# Marvell 88SE614x controller on Asus M2N32 WS Professional

## gercina

Does someone know a solution how to use the Marvell 88SE614x SATA/UltraDMA controller on the Asus M2N32 WS Professional Motherboard?

----------

## snIP3r

hi!

some google research tells me that its not working until now - even with the latest kernel.

take a look here:

http://www.nabble.com/kernel-support-for-Marvell-88SE614x-chipset-t2544905.html

and here

http://forums.fedoraforum.org/showthread.php?p=861796

HTH

snIP3r

----------

## gercina

Yes, but from ASUS support I've got this message: 

[...]

Have you tried this driver?

http://dlsvr01.asus.com/pub/ASUS/misc/ide/marvell6141/61xx_SATA_linux.zip

Anyway if you still have any problem or the problem still exists, please feel free to contact me.

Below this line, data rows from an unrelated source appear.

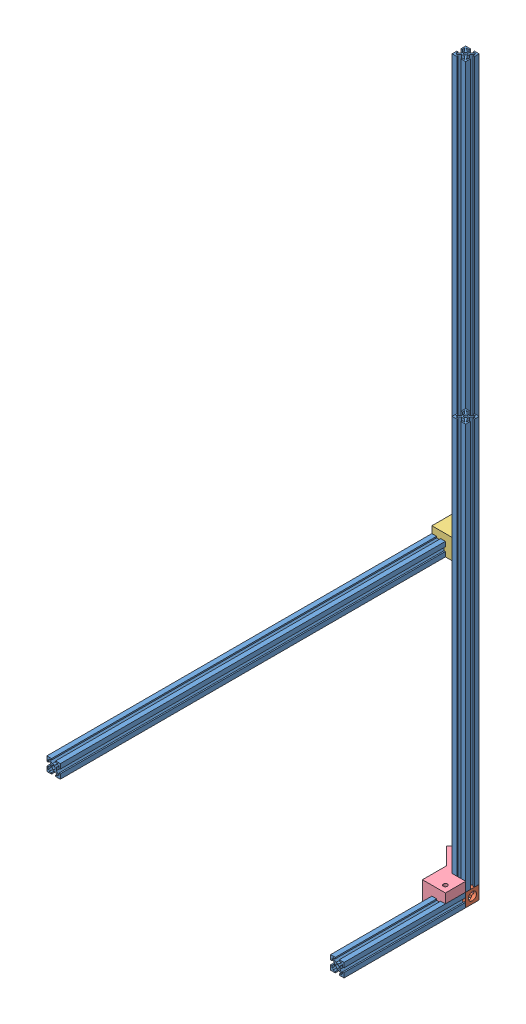
SolidWorks assembly Assem1, configuration Default. Lengths in mm.
Overall size (242.38 310 332.38).
9 component instances, 4 part files, 26 mates.
Components (placement in the parent):
- Makerbeam50-1000mm-1: Makerbeam50-1000mm [300mm] at (73.7272 153.9213 102.2524) size (10 10 300)
- MakerBeam-cube-1: MakerBeam-cube [Default] at (73.7272 153.9213 102.2524) x (-1 0 0) z (0 0 -1) size (10 10 10)
- Makerbeam50-1000mm-2: Makerbeam50-1000mm [300mm] at (73.7272 458.9213 97.2524) x (1 0 0) z (0 -1 0) size (10 10 300)
- ElectronicalMakerBeamBottomFix45-1: ElectronicalMakerBeamBottomFix45 [Default] at (78.7272 148.9213 92.2524) x (0 0 -1) z (0 1 0) size (25 35 15)
- Makerbeam50-1000mm-3: Makerbeam50-1000mm [300mm] at (84.8364 153.9213 105.4326) x (0.707107 0 -0.707107) z (0.707107 0 0.707107) size (10 10 300)
- ElectronicalMakerBeamBottomFix135-1: ElectronicalMakerBeamBottomFix135 [Default] at (221.1105 148.9213 234.6357) x (0 0 -1) z (0 1 0) size (42.68 29.7 17)
- Makerbeam50-1000mm-4: Makerbeam50-1000mm [90mm] at (306.1105 153.9213 334.6357) size (10 10 90)
- MakerBeam-cube-2: MakerBeam-cube [Default] at (301.1105 153.9213 329.6357) x (0 -1 0) z (1 0 0) size (10 10 10)
- Makerbeam50-1000mm-5: Makerbeam50-1000mm [300mm] at (306.1105 458.9213 329.6357) x (1 0 0) z (0 -1 0) size (10 10 300)
Mates (geometry in assembly coordinates):
- Coincident1: coincident anti-aligned: plane of Makerbeam50-1000mm-1 through (73.7272 153.9213 102.2524) normal (0 0 -1); plane of MakerBeam-cube-1 through (73.7272 153.9213 102.2524) normal (0 0 1)
- Coincident2: coincident aligned: plane of Makerbeam50-1000mm-1 through (78.7272 158.9213 402.2524) normal (1 0 0); plane of MakerBeam-cube-1 through (78.7272 148.9213 92.2524) normal (1 0 0)
- Coincident3: coincident aligned: plane of Makerbeam50-1000mm-1 through (68.7272 158.9213 402.2524) normal (0 1 0); plane of MakerBeam-cube-1 through (68.7272 158.9213 92.2524) normal (0 1 0)
- Coincident4: coincident anti-aligned: plane of MakerBeam-cube-1 through (68.7272 158.9213 92.2524) normal (0 1 0); plane of Makerbeam50-1000mm-2 through (73.7272 158.9213 97.2524) normal (0 -1 0)
- Coincident5: coincident aligned: plane of MakerBeam-cube-1 through (78.7272 148.9213 92.2524) normal (1 0 0); plane of Makerbeam50-1000mm-2 through (78.7272 158.9213 95.7524) normal (1 0 0)
- Coincident6: coincident aligned: plane of MakerBeam-cube-1 through (73.7272 153.9213 102.2524) normal (0 0 1); plane of Makerbeam50-1000mm-2 through (68.7272 158.9213 102.2524) normal (0 0 1)
- Coincident7: coincident anti-aligned: plane of Makerbeam50-1000mm-1 through (75.2272 158.9213 402.2524) normal (0 1 0); plane of ElectronicalMakerBeamBottomFix45-1 through (78.7272 158.9213 92.2524) normal (0 -1 0)
- Coincident8: coincident anti-aligned: plane of Makerbeam50-1000mm-1 through (78.7272 158.9213 402.2524) normal (1 0 0); plane of ElectronicalMakerBeamBottomFix45-1 through (78.7272 163.9213 92.2524) normal (-1 0 0)
- Coincident9: coincident anti-aligned: plane of Makerbeam50-1000mm-2 through (68.7272 158.9213 102.2524) normal (0 0 1); plane of ElectronicalMakerBeamBottomFix45-1 through (78.7272 163.9213 102.2524) normal (0 0 -1)
- Coincident10: coincident anti-aligned: plane of ElectronicalMakerBeamBottomFix45-1 through (88.3719 163.9213 101.8971) normal (0.707107 0 0.707107); plane of Makerbeam50-1000mm-3 through (84.8364 153.9213 105.4326) normal (-0.707107 0 -0.707107)
- Coincident11: coincident aligned: plane of ElectronicalMakerBeamBottomFix45-1 through (78.7272 163.9213 92.2524) normal (0.707107 0 -0.707107); plane of Makerbeam50-1000mm-3 through (300.5039 152.4213 314.0291) normal (0.707107 0 -0.707107)
- Coincident12: coincident aligned: plane of ElectronicalMakerBeamBottomFix45-1 through (78.7272 163.9213 92.2524) normal (0.707107 0 -0.707107); plane of Makerbeam50-1000mm-3 through (300.5039 152.4213 314.0291) normal (0.707107 0 -0.707107)
- Coincident13: coincident aligned: plane of ElectronicalMakerBeamBottomFix45-1 through (78.7272 163.9213 92.2524) normal (0.707107 0 -0.707107); plane of Makerbeam50-1000mm-3 through (300.5039 158.9213 314.0291) normal (0.707107 0 -0.707107)
- Coincident14: coincident anti-aligned: plane of ElectronicalMakerBeamBottomFix45-1 through (78.7272 158.9213 92.2524) normal (0 -1 0); plane of Makerbeam50-1000mm-3 through (298.0291 158.9213 316.504) normal (0 1 0)
- Coincident15: coincident anti-aligned: plane of Makerbeam50-1000mm-3 through (296.9684 153.9213 317.5646) normal (0.707107 0 0.707107); plane of ElectronicalMakerBeamBottomFix135-1 through (300.5039 148.9213 314.0291) normal (-0.707107 0 -0.707107)
- Coincident16: coincident aligned: plane of Makerbeam50-1000mm-3 through (300.5039 158.9213 314.0291) normal (0.707107 0 -0.707107); plane of ElectronicalMakerBeamBottomFix135-1 through (311.1105 165.9213 324.6357) normal (0.707107 0 -0.707107)
- Coincident17: coincident anti-aligned: plane of Makerbeam50-1000mm-3 through (298.0291 158.9213 316.504) normal (0 1 0); plane of ElectronicalMakerBeamBottomFix135-1 through (297.9937 158.9213 316.5393) normal (0 -1 0)
- Coincident18: coincident anti-aligned: plane of ElectronicalMakerBeamBottomFix135-1 through (311.1105 165.9213 324.6357) normal (0 0 1); plane of MakerBeam-cube-2 through (311.1105 148.9213 324.6357) normal (0 0 -1)
- Coincident19: coincident aligned: plane of ElectronicalMakerBeamBottomFix135-1 through (221.1105 148.9213 234.6357) normal (0 -1 0); plane of MakerBeam-cube-2 through (311.1105 148.9213 334.6357) normal (0 -1 0)
- Coincident20: coincident anti-aligned: plane of ElectronicalMakerBeamBottomFix135-1 through (301.1105 165.9213 324.6357) normal (1 0 0); plane of MakerBeam-cube-2 through (301.1105 153.9213 329.6357) normal (-1 0 0)
- Concentric1: concentric anti-aligned: cylinder of Makerbeam50-1000mm-4 through (306.1105 153.9213 424.6357) axis (0 0 -1) radius 1.25; cylinder of MakerBeam-cube-2 through (306.1105 153.9213 334.6357) axis (0 0 1) radius 1.25
- Coincident21: coincident aligned: plane of Makerbeam50-1000mm-4 through (311.1105 152.4213 424.6357) normal (1 0 0); plane of MakerBeam-cube-2 through (311.1105 153.9213 329.6357) normal (1 0 0)
- Coincident22: coincident anti-aligned: plane of Makerbeam50-1000mm-4 through (306.1105 153.9213 334.6357) normal (0 0 -1); plane of MakerBeam-cube-2 through (311.1105 148.9213 334.6357) normal (0 0 1)
- Concentric2: concentric anti-aligned: cylinder of MakerBeam-cube-2 through (306.1105 148.9213 329.6357) axis (0 -1 0) radius 1.25; cylinder of Makerbeam50-1000mm-5 through (306.1105 158.9213 329.6357) axis (0 1 0) radius 1.25
- Coincident23: coincident aligned: plane of MakerBeam-cube-2 through (311.1105 153.9213 329.6357) normal (1 0 0); plane of Makerbeam50-1000mm-5 through (311.1105 158.9213 334.6357) normal (1 0 0)
- Coincident24: coincident anti-aligned: plane of MakerBeam-cube-2 through (311.1105 158.9213 334.6357) normal (0 1 0); plane of Makerbeam50-1000mm-5 through (306.1105 158.9213 329.6357) normal (0 -1 0)

Thank you for the support!

[...]

 :Confused:   :Confused:   :Confused: 

----------

## snIP3r

 *gercina wrote:*   

> Yes, but from ASUS support I've got this message: 
> 
> [...]
> 
> Have you tried this driver?
> ...

 

ok. this might be a path for the kernel to make the driver available, dont know exactly whats inside the zip-file. will check it @home later...

greets

snIP3r

----------

## gercina

Thanks a lot!

Here someone says: 

 *Quote:*   

> 
> 
> Well it seems to be a 50MB tar ball that actually just adds the Marvell
> 
> device id to a copy of ahci.c
> ...

 

[quote="snIP3r"] *gercina wrote:*   

> Yes, but from ASUS support I've got this message: 
> 
> ok. this might be a path for the kernel to make the driver available, dont know exactly whats inside the zip-file. will check it @home later...
> 
> greets
> ...

 

----------

## snIP3r

nop!

yes, i hvae read this post. this seems to be a patch for the linux kernel that adds the Marvell 88SE614x to the standard ahci driver. if you can apply that patch the controller might work...

HTH

snIP3r

----------

## gercina

I don't know how   :Embarassed:   :Confused:    and I can't find anyone who was able to manage this. 

 *snIP3r wrote:*   

> 
> 
>  if you can apply that patch the controller might work...
> 
> 

 

----------

## snIP3r

 *gercina wrote:*   

> I don't know how      and I can't find anyone who was able to manage this. 
> 
>  *snIP3r wrote:*   
> 
>  if you can apply that patch the controller might work...
> ...

 

ok. i will try to get this working...

snIP3r

----------

## gercina

ok, thanks! 

I'm curious.

 *snIP3r wrote:*   

> 
> 
> ok. i will try to get this working...
> 
> snIP3r

 

----------

## loki_val

The older SATA driver for the 6141 chips won't be integrateable into a newer kernel. Among other things, the driver is just a copy of ahci.c, with device-specific stuff added - this is bad because the intra-kernel interfaces have changed _a lot_ since then. It's based off the 2.6.12.3 kernel, so if the rest of your stuff works with that kernel you might try it out, though I'd be wary of it. Alternately, you can try the new driver in libata-dev, which is queued for 2.6.24. Both PATA and SATA support is planned, it seems.

----------

## snIP3r

 *peteralf wrote:*   

> The older SATA driver for the 6141 chips won't be integrateable into a newer kernel. Among other things, the driver is just a copy of ahci.c, with device-specific stuff added - this is bad because the intra-kernel interfaces have changed _a lot_ since then. It's based off the 2.6.12.3 kernel, so if the rest of your stuff works with that kernel you might try it out, though I'd be wary of it. Alternately, you can try the new driver in libata-dev, which is queued for 2.6.24. Both PATA and SATA support is planned, it seems.

 

ok, thats good information. i would have suggested to apply the patch for the ahci.c file as posted above. but if there is planned to add support in 2.6.24 it might be better to wait for that kernel...

HTH

snIP3r

----------

## gercina

Any progress on this topic?

Does have someone a working Marvell 88SE614x SATA/UltraDMA controller with an Asus M2N32 WS Professional Motherboard?

----------